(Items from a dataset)
--------------------------------
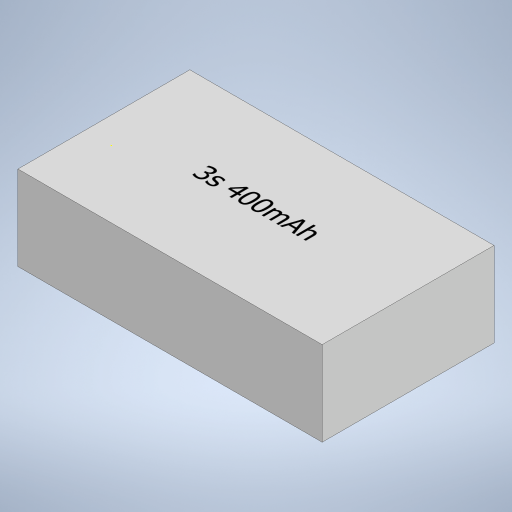
# Autodesk Inventor part: li_po3s_400mAh
Saved by Autodesk Inventor 2023 (Build 270158000, 158)
## iProperties
Created: 2025-03-19
Part Number: li_po3s_400mAh
Material: Ogólny
Document SubType Name: Modeling
Designer: kamil
Density: 1 g/cm^3
Appearance: Domyślna
Author: kamil
Autodesk Inventor part; units mm, degrees
ref_plane "YZ Plane" through (0, 0, 0) normal (1, 0, 0) x (0, 1, 0)
ref_plane "XZ Plane" through (0, 0, 0) normal (0, 1, 0) x (-1, 0, 0)
ref_plane "XY Plane" through (0, 0, 0) normal (0, 0, 1) x (1, 0, 0)
sketch "Szkic1" plane through (0, 0, 0) normal (0, 1, 0) x (-1, 0, 0)
  line L0 (4.6678, 11.8796) -> (-49.3322, 11.8796)
  line L1 (-49.3322, 11.8796) -> (-49.3322, -18.6204)
  line L2 (-49.3322, -18.6204) -> (4.6678, -18.6204)
  line L3 (4.6678, -18.6204) -> (4.6678, 11.8796)
  point P0 (0, 0)
  dimension "d0" = 54
  dimension "d1" = 30.5
  constraints: 8 end point, 2 parallel, 1 horizontal, 1 perpendicular
  measures "d0" distance of L2.end L1.end
  measures "d1" distance of L1.end L0.end
extrude "Wyciągnięcie proste1" add sketch "Szkic1" along normal blind 15
sketch "Szkic2" plane through (0, 15, 0) normal (0, 1, 0) x (1, 0, 0)
  line L0 (9.9953, 13.2196) -> (33.64, 13.2196) construction
  line L1 (33.64, 13.2196) -> (33.64, -4.8364) construction
  line L2 (33.64, -4.8364) -> (9.9953, -4.8364) construction
  line L3 (9.9953, -4.8364) -> (9.9953, 13.2196) construction
  point P0 (0, 0)
  constraints: 2 other
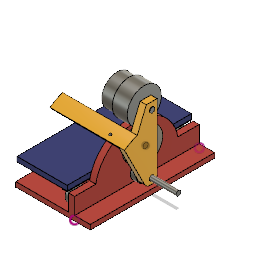
Second Design (Autodesk Fusion 360 design; units mm, degrees)
Autodesk Fusion 360 part; units mm, degrees
note: some values were not read from the file. Set by a fixed rule: which face or edge a step refers to.
sketch "Sketch1" plane through (0, 0, 0) normal (1, 0, 0) x (0, 0, -1)
  circle A0 centre (0, 0) radius 12.5
  line L0 (0, 0) -> (138.4704, 0)
  circle A1 centre (25, 0) radius 12.5
  circle A2 centre (65, 0) radius 27.5
  dimension "d1" = 25
  dimension "d2" = 25
  dimension "d3" = 55
  constraint coincident A0.centre L0.start
  constraint horizontal L0
  measures "d1" diameter of A0
  measures "d2" diameter of A1
  measures "d3" diameter of A2
extrude "Extrude1" add sketch "Sketch1" against normal blind 10 contours A0 | L0 A1 | L0 A1 makes body 1
sketch "Sketch2" plane through (0, 0, 0) normal (1, 0, 0) x (0, 0, -1)
  circle A0 centre (25, 0) radius 12.5
  line L0 (0, 0) -> (94.7994, 0)
  circle A1 centre (65, 0) radius 27.5
  dimension "d6" = 55
  constraint coincident L0.start origin
  constraint horizontal L0
  measures "d6" diameter of A1
extrude "Extrude2" add sketch "Sketch2" against normal blind 24 separate body contours L0 A1 | L0 A1 makes body 2
sketch "Sketch3" plane through (-24, 0, 0) normal (-1, 0, 0) x (0, 0, 1)
  circle A0 centre (-65, 0) radius 27.5
  circle A1 centre (-65, 0) radius 24.6188
  constraint concentric A0 A1
extrude "Extrude3" add sketch "Sketch3" along normal blind 20 contours A1 bodies 2
sketch "Sketch4" plane through (-10, 0, 0) normal (-1, 0, 0) x (0, 0, 1)
  circle A0 centre (0, 0) radius 12.5
  circle A1 centre (0, 0) radius 4
  dimension "d11" = 8
  constraint coincident A0.centre A1.centre
  measures "d11" diameter of A1
extrude "Extrude4" add sketch "Sketch4" along normal blind 50 separate body contours A1 makes body 3
sketch "Sketch5" plane through (0, 0, 0) normal (1, 0, 0) x (0, 0, -1)
  circle A0 centre (0, 0) radius 12.5
  circle A1 centre (0, 0) radius 4
  dimension "d14" = 8
  constraint coincident A0.centre A1.centre
  measures "d14" diameter of A1
extrude "Extrude5" add sketch "Sketch5" along normal blind 12 separate body contours A1 makes body 4
sketch "Sketch6" plane through (0, 0, 0) normal (1, 0, 0) x (0, 0, -1)
  circle A0 centre (25, 0) radius 12.5
  circle A1 centre (25, 0) radius 4
  dimension "d17" = 8
  constraint concentric A0 A1
  measures "d17" diameter of A1
extrude "Extrude6" add sketch "Sketch6" along normal blind 12 separate body contours A1 makes body 5
sketch "Sketch7" plane through (0, 0, 0) normal (1, 0, 0) x (0, 0, -1)
  circle A0 centre (65, 0) radius 27.5
  circle A1 centre (65, 0) radius 4
  dimension "d20" = 8
  constraint concentric A0 A1
  measures "d20" diameter of A1
extrude "Extrude7" add sketch "Sketch7" along normal blind 12 contours A1 bodies 2
sketch "Sketch8" plane through (12, 0, 0) normal (1, 0, 0) x (0, 0, -1)
  circle A0 centre (0, 0) radius 4
  line L0 (-9.1061, -8.5632) -> (91.0672, -8.5632)
  line L1 (91.0672, -8.5632) -> (91.0672, 8.7609)
  line L2 (91.0672, 8.7609) -> (-9.1061, 8.7609)
  line L3 (-9.1061, 8.7609) -> (-9.1061, -8.5632)
  circle A1 centre (0, 0) radius 12.5
  circle A2 centre (0, 0) radius 12.5
  circle A3 centre (65, 0) radius 27.5
  circle A4 centre (65, 0) radius 27.5
  constraint horizontal L0
  constraint vertical L1
  constraint horizontal L2
  constraint vertical L3
  constraint coincident L1.end A3
  constraint coincident L1.end A4
  constraint coincident L0.start A1
  constraint coincident L0.start A2
extrude "Extrude8" add sketch "Sketch8" against normal blind 10 contours L0 L2 L3 A1 A2 | L0 L2 A1 A2 A3 A4 | L0 L1 L2 A3 A4 bodies 2 4 5
sketch "Sketch9" plane through (12, 0, 0) normal (1, 0, 0) x (0, 0, -1)
  line L0 (91.0672, 8.7609) -> (-8.9161, 8.7609)
  arc A0 (-8.9161, 8.7609) -> (-9.1061, 8.5632) centre (0, 0) ccw
  line L1 (-9.1061, 8.5632) -> (-9.1061, -8.5632)
  line L2 (-9.1061, -8.5632) -> (91.0672, -8.5632)
  line L3 (91.0672, -8.5632) -> (91.0672, 8.7609)
  circle A1 centre (0, 0) radius 4
  dimension "d25" = 8
  constraint coincident A0.centre A1.centre
  measures "d25" diameter of A1
extrude "Extrude9" add sketch "Sketch9" along normal blind 1 contours A1 bodies 2
sketch "Sketch10" plane through (12, 0, 0) normal (1, 0, 0) x (0, 0, -1)
  circle A0 centre (0, 0) radius 4
  line L0 (91.0672, 8.7609) -> (-8.9161, 8.7609)
  arc A1 (-8.9161, 8.7609) -> (-9.1061, 8.5632) centre (0, 0) ccw
  line L1 (-9.1061, 8.5632) -> (-9.1061, -8.5632)
  line L2 (-9.1061, -8.5632) -> (91.0672, -8.5632)
  line L3 (91.0672, -8.5632) -> (91.0672, 8.7609)
  circle A2 centre (25, 0) radius 4
  circle A3 centre (25, 0) radius 4
  circle A4 centre (65, 0) radius 4
  circle A5 centre (65, 0) radius 4
  point P0 (21, 0)
  point P1 (61, 0)
  constraint tangent A2 A3
  constraint coincident A2 P0
  constraint tangent A4 A5
  constraint coincident A4 P1
extrude "Extrude10" add sketch "Sketch10" along normal blind 1 contours A2 A3 | A4 A5 bodies 2
move_face "OffsetFaces1" offset -23 1 faces at (-60, 0.0132, -1.2456) on bodies 3
move_face "OffsetFaces2" offset -26 1 faces at (-37, 0.7511, 1.1017) on bodies 3
move_face "OffsetFaces3" offset 1 1 faces at (-11, 0.7511, 1.1017) on bodies 3
sketch "Sketch11" plane through (-12, 0, 0) normal (-1, 0, 0) x (0, 0, 1)
  circle A0 centre (0, 0) radius 4
  circle A1 centre (0, 0) radius 35.5624
  constraint coincident A0.centre A1.centre
extrude "Extrude11" add sketch "Sketch11" along normal blind 10 separate body makes body 6
delete_face "DeleteFace1" 1 faces at (5.3333, 8.6516, 9.0222) on bodies 2
move_face "OffsetFaces4" offset 25 1 faces at (5.3333, 2.9862, 9.1061) on bodies 2
move_face "OffsetFaces5" offset 65 1 faces at (-12, 0.7511, 1.1017) on bodies 3
sketch "Sketch12" plane through (-22, 0, 0) normal (-1, 0, 0) x (0, 0, 1)
  circle A0 centre (0, 0) radius 4
  circle A1 centre (0, 0) radius 35.5624
  line L0 (-35.5624, 0) -> (35.5624, 0)
  line L1 (35.5624, 0) -> (35.5624, -45.6152)
  line L2 (35.5624, -45.6152) -> (-35.5624, -45.6152)
  line L3 (-35.5624, -45.6152) -> (-35.5624, 0)
  point P0 (-35.5624, 0)
  constraint perpendicular L0 L1
  constraint parallel L0 L2
  constraint parallel L1 L3
  constraint coincident A1 L0.end
  constraint coincident P0 L0.start
extrude "Extrude12" add sketch "Sketch12" against normal blind 10 contours A1 L1 L2 L3 bodies 6
copy_body "CopyPasteBodies1" bodies 1 makes body 7
move_body "Move1" bodies 7 to x (1, 0, 0) y (0, 1, 0) z (0, 0, 1) at (-35, 0, 0)
delete_face "DeleteFace2" 3 faces at (-38.3333, 10.5003, -18.2182) (-41.6667, -0.6231, -37.4845) (-45, 0.8046, -28.525) on bodies 7
sketch "Sketch13" plane through (12, 0, 0) normal (1, 0, 0) x (0, 0, -1)
  line L0 (-34.1061, 8.7609) -> (-34.1061, -8.5632)
  line L1 (-34.1061, -8.5632) -> (91.0672, -8.5632)
  line L2 (91.0672, -8.5632) -> (91.0672, 8.7609)
  line L3 (91.0672, 8.7609) -> (-34.1061, 8.7609)
  circle A0 centre (65, 0) radius 4
  circle A1 centre (25, 0) radius 4
  circle A2 centre (0, 0) radius 4
  line L4 (8.8225, 44.5071) -> (-8.8225, 44.5071)
  line L5 (-8.8225, 44.5071) -> (-8.8225, -44.5071)
  line L6 (-8.8225, -44.5071) -> (8.8225, -44.5071)
  line L7 (8.8225, -44.5071) -> (8.8225, 44.5071)
  line L8 (8.8225, 44.5071) -> (-8.8225, -44.5071) construction
  line L9 (-8.8225, 44.5071) -> (8.8225, -44.5071) construction
  constraint perpendicular L4 L5
  constraint parallel L4 L6
  constraint parallel L5 L7
  constraint horizontal L4
  constraint coincident L8 A2.centre
  constraint coincident L9 A2.centre
  constraint coincident A2.centre origin
extrude "Extrude13" add sketch "Sketch13" against normal blind 10 contours L3 L4 L5 L7 bodies 2
move_face "OffsetFaces6" offset -25 1 faces at (8.6667, 2.9862, 34.1061) on bodies 2
sketch "Sketch14" plane through (2, 0, 0) normal (-1, 0, 0) x (0, 0, 1)
  circle A0 centre (-25, 0) radius 4
  line L0 (9.1061, -8.5632) -> (9.1061, 8.7609)
  line L1 (9.1061, 8.7609) -> (8.8225, 8.7609)
  line L2 (8.8225, 8.7609) -> (8.8225, 44.5071)
  line L3 (8.8225, 44.5071) -> (-8.8225, 44.5071)
  line L4 (-8.8225, 44.5071) -> (-8.8225, 8.7609)
  line L5 (-8.8225, 8.7609) -> (-91.0672, 8.7609)
  line L6 (-91.0672, 8.7609) -> (-91.0672, -8.5632)
  line L7 (-91.0672, -8.5632) -> (9.1061, -8.5632)
  circle A1 centre (0, 0) radius 4
  circle A2 centre (-65, 0) radius 4
  line L8 (-8.8225, 44.5071) -> (8.8225, 44.5071)
  line L9 (8.8225, 44.5071) -> (8.8225, 36.5071)
  line L10 (8.8225, 36.5071) -> (-8.8225, 36.5071)
  line L11 (-8.8225, 36.5071) -> (-8.8225, 44.5071)
  dimension "d42" = 8
  constraint horizontal L8
  constraint vertical L9
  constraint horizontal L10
--------------------------------
Please make an exact copy of the lines above from the line with "constraint coincident A1 L0.end" through the line with "line L6 (-8.8225, -44.5071)", both ends included.

  constraint coincident A1 L0.end
  constraint coincident P0 L0.start
extrude "Extrude12" add sketch "Sketch12" against normal blind 10 contours A1 L1 L2 L3 bodies 6
copy_body "CopyPasteBodies1" bodies 1 makes body 7
move_body "Move1" bodies 7 to x (1, 0, 0) y (0, 1, 0) z (0, 0, 1) at (-35, 0, 0)
delete_face "DeleteFace2" 3 faces at (-38.3333, 10.5003, -18.2182) (-41.6667, -0.6231, -37.4845) (-45, 0.8046, -28.525) on bodies 7
sketch "Sketch13" plane through (12, 0, 0) normal (1, 0, 0) x (0, 0, -1)
  line L0 (-34.1061, 8.7609) -> (-34.1061, -8.5632)
  line L1 (-34.1061, -8.5632) -> (91.0672, -8.5632)
  line L2 (91.0672, -8.5632) -> (91.0672, 8.7609)
  line L3 (91.0672, 8.7609) -> (-34.1061, 8.7609)
  circle A0 centre (65, 0) radius 4
  circle A1 centre (25, 0) radius 4
  circle A2 centre (0, 0) radius 4
  line L4 (8.8225, 44.5071) -> (-8.8225, 44.5071)
  line L5 (-8.8225, 44.5071) -> (-8.8225, -44.5071)
  line L6 (-8.8225, -44.5071) -> (8.8225, -44.5071)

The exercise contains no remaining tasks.